Independent research grows under the global settlement

After its five year run Elliot Spitzer's Global Research Analyst Settlement has allowed independent equity research to flourish.

Born out of New York attorney general Elliot Spitzer’s investigation into conflicts of interest among research analysts at investment banks, the Global Research Analyst Settlement – or simply the global settlement – has been described as ‘the nail in the coffin of sell-side research’ as well as a ‘pot of gold’ for independent research providers. After all the ink and talk, the settlement ended its predetermined five-year run on July 31.

In addition to imposing $1 bn in penalties, greater analyst disclosure and Chinese walls between banking and research at 12 major investment banks, the global settlement compelled the dirty dozen to cough up $460 mn to fund third-party independent research reports for retail clients.

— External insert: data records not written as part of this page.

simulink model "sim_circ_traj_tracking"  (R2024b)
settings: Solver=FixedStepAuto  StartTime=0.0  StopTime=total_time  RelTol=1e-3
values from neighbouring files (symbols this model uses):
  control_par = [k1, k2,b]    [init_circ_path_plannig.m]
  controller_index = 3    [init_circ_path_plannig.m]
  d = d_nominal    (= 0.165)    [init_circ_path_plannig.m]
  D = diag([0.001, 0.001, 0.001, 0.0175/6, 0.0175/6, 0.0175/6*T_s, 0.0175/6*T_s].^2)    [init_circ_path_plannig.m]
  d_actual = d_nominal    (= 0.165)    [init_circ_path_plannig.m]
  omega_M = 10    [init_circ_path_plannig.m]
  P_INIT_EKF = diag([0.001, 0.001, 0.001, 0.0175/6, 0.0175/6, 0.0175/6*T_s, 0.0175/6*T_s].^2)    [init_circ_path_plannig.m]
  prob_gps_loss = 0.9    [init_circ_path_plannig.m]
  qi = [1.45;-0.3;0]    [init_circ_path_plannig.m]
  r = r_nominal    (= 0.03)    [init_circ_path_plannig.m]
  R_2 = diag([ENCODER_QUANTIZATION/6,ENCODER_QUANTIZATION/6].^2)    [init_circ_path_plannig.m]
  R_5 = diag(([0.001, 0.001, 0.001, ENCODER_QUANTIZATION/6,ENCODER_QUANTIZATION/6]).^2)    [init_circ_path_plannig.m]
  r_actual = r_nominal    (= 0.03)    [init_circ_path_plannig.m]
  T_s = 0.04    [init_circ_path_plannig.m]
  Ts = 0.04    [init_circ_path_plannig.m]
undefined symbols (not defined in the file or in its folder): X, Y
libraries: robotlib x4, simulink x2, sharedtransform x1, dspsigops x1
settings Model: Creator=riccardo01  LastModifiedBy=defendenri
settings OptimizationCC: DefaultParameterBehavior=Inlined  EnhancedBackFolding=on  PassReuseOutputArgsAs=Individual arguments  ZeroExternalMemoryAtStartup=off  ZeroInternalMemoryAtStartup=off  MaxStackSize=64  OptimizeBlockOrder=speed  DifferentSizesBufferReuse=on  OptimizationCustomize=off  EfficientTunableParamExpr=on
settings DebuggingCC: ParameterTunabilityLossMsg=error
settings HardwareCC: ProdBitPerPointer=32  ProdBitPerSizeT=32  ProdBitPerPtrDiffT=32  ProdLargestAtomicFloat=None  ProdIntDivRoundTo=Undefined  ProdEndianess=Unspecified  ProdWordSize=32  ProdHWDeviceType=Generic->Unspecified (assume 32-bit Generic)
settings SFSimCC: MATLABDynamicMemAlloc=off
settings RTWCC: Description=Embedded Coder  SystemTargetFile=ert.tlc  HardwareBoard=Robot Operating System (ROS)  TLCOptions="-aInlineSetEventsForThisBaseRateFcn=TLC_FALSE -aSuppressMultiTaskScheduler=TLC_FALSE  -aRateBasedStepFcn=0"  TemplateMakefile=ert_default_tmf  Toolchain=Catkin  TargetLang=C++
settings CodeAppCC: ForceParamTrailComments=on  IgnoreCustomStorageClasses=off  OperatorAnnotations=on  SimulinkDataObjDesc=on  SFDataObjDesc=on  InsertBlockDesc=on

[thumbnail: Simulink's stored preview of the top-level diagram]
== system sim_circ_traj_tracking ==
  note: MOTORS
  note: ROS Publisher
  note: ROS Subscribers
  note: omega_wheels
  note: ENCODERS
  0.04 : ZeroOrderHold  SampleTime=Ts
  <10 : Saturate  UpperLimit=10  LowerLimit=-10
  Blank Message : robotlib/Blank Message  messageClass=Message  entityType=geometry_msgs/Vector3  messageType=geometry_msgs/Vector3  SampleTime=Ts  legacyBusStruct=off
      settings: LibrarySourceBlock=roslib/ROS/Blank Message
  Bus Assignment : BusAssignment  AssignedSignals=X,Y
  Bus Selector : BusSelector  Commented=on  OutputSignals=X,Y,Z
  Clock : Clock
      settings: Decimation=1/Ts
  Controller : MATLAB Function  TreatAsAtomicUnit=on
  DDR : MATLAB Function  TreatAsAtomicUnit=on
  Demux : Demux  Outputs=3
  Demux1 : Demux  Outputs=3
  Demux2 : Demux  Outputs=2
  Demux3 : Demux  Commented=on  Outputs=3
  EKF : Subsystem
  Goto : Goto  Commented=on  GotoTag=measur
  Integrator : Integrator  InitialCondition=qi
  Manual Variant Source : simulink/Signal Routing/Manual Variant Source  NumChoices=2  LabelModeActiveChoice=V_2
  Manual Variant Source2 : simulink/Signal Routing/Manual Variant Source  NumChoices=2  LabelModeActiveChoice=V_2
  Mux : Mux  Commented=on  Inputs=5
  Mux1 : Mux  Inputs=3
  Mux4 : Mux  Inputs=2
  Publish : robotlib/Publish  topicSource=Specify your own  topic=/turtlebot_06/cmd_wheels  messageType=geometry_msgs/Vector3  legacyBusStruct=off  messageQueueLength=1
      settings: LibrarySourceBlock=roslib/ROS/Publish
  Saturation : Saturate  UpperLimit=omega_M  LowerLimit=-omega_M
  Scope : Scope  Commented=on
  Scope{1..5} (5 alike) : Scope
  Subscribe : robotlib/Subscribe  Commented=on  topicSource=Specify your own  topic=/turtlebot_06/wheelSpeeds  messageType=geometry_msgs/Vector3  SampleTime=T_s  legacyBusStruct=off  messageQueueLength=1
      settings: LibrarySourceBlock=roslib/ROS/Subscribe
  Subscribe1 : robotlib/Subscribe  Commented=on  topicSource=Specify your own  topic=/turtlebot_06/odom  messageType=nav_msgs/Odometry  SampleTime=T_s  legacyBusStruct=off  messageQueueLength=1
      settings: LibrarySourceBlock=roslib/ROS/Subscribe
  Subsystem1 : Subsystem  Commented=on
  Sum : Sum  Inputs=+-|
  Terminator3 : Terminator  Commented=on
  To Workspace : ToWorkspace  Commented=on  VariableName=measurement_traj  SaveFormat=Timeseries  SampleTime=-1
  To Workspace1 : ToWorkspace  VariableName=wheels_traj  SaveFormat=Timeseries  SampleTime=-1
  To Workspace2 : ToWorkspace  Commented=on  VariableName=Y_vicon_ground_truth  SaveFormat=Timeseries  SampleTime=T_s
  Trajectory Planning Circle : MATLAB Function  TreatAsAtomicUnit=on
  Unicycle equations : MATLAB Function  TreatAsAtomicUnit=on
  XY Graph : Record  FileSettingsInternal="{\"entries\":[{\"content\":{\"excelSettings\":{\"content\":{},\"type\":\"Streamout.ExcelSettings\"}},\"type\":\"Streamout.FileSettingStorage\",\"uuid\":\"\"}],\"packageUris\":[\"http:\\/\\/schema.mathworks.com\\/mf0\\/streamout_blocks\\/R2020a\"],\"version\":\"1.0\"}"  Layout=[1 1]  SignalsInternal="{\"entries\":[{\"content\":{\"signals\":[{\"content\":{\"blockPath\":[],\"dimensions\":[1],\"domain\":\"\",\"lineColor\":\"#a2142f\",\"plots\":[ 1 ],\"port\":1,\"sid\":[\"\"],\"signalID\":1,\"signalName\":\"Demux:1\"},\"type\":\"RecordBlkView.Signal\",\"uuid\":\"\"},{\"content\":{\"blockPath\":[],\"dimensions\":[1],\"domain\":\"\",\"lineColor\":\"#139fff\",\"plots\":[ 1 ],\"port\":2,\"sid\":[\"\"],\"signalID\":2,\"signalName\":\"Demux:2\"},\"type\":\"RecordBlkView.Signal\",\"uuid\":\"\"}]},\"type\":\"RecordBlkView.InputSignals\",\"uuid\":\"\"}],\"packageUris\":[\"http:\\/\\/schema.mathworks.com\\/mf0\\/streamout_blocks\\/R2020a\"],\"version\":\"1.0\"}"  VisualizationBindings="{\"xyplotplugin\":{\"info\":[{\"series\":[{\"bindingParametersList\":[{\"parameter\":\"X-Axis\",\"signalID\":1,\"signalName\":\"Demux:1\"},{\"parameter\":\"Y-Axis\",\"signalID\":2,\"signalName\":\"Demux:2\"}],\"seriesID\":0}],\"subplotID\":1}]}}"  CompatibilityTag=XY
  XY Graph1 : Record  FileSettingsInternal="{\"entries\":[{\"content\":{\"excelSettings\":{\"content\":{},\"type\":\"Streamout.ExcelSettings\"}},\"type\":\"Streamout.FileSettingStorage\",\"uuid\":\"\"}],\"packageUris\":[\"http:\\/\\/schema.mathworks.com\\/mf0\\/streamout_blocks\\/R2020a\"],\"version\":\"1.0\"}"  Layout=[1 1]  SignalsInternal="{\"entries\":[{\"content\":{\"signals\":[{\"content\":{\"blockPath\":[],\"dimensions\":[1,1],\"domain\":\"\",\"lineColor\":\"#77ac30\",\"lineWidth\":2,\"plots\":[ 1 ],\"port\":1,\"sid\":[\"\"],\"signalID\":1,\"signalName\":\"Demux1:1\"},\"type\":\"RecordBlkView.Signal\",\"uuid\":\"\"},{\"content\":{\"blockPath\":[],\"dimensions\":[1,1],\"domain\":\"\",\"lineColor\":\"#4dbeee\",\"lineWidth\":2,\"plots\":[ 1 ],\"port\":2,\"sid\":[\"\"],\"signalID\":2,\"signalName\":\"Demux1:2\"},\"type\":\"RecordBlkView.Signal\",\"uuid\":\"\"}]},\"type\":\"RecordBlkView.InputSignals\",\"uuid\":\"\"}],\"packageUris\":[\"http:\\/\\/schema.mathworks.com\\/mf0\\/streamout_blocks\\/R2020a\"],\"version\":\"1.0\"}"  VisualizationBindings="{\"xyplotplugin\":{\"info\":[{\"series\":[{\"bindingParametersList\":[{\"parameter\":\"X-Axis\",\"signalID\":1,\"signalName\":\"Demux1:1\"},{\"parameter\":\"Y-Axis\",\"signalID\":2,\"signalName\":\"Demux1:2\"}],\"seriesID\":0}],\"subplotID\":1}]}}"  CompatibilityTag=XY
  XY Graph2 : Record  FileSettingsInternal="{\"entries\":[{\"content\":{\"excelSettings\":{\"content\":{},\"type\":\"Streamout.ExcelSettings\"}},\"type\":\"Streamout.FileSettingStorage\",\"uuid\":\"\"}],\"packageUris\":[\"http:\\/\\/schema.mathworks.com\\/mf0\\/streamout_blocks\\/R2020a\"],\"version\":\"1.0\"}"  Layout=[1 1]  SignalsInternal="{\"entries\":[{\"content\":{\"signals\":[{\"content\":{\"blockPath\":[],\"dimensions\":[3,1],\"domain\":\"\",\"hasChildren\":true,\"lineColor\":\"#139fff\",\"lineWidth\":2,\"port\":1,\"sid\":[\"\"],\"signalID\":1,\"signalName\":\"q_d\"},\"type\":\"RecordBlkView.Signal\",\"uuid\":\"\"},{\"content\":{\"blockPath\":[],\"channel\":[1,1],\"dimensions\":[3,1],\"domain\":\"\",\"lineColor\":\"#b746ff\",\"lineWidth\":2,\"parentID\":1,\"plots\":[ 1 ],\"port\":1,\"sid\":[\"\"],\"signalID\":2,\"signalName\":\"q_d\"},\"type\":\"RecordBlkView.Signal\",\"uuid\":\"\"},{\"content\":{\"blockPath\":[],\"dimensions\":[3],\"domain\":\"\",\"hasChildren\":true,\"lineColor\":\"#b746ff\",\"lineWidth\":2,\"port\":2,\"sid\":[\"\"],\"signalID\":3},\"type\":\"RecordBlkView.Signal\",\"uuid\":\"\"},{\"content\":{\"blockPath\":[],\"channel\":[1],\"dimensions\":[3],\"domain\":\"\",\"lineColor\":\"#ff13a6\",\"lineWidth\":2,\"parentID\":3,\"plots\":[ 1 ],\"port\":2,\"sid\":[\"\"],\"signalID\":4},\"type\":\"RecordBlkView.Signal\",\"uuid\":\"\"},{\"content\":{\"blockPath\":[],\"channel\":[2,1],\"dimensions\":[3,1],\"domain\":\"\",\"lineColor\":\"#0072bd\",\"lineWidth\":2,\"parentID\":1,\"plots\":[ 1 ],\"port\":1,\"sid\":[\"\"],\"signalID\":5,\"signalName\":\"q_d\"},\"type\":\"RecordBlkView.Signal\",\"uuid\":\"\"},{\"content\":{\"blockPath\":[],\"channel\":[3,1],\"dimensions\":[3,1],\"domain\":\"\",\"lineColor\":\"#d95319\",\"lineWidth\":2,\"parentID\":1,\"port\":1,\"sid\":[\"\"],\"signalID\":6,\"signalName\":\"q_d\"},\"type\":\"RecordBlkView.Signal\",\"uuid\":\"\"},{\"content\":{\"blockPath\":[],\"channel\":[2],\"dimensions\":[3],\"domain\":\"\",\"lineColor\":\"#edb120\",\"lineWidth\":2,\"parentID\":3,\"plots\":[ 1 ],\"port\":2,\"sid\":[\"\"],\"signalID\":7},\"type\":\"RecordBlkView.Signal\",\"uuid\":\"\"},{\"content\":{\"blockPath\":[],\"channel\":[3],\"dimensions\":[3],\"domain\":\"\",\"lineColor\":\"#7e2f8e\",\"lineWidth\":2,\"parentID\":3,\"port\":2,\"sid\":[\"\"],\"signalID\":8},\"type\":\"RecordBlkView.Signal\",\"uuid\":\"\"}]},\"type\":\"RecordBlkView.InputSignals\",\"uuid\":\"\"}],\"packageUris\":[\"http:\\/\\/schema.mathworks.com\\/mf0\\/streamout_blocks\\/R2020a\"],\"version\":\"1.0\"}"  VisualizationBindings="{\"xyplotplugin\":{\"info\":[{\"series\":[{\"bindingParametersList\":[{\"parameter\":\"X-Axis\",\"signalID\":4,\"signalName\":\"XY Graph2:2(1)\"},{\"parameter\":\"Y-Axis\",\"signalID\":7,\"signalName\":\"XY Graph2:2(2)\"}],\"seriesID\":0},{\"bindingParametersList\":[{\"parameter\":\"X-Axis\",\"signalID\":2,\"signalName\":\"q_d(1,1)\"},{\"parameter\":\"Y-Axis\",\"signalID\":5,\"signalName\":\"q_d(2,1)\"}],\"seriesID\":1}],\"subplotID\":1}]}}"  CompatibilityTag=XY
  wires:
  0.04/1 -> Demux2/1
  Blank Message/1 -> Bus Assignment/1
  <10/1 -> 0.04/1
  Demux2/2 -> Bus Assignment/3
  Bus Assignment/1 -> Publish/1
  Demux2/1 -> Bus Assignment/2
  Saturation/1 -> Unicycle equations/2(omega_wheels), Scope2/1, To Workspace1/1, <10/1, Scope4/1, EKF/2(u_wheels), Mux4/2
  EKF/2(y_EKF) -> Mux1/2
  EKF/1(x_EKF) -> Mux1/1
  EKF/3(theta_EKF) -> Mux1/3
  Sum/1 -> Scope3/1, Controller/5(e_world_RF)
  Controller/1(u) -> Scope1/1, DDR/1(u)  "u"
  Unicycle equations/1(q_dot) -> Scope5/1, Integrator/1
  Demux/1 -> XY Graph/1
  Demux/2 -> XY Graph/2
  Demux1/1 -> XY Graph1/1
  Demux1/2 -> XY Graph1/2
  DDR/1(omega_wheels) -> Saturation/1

While few observers credit the settlement itself with significant impact beyond the terms of the agreement, the controversy shone a spotlight on independent research and increased coverage among major independents. ‘In many ways I feel like the world has come around to our way of thinking, recognizing the potential conflicts and mixed motivations’ of traditional brokerage research,’ says Morningstar CEO and founder Joe Mansueto.

In ramping up to provide research to half a dozen banks under the settlement, Morningstar quadrupled its research universe to 2,000 companies, trebled its research staff to more than 100 analysts and expanded its research focus outside the US.

Standard & Poor’s (S&P) sold research to 11 of the 12 banks in the settlement and expanded its research universe from 1,300 companies to 1,600 before settling back to 1,520 today, according to Stephen Biggar, S&P’s vice president of equity research. As evidence of the continued value of independent research, Biggar points out that only 25 percent of companies covered by S&P rate a ‘buy’ or ‘strong buy’ recommendation, compared with a typically higher proportion in traditional sell-side coverage. ‘It’s difficult for 50 percent of stocks to outperform the market,’ he observes dryly.

Hold means hold
One tangible result of the settlement was that ‘the language of the street became more transparent for investors’ with required disclosures of banking relationships, analyst track records and affirmations of their opinion, according to John Eade, director of research at Argus Research. ‘Sell, buy and hold ratings started to mean something again,’ he adds. With 10 of the 12 settlement banks distributing its reports, Argus expanded its research universe from 300 companies to 700 at the height of the settlement.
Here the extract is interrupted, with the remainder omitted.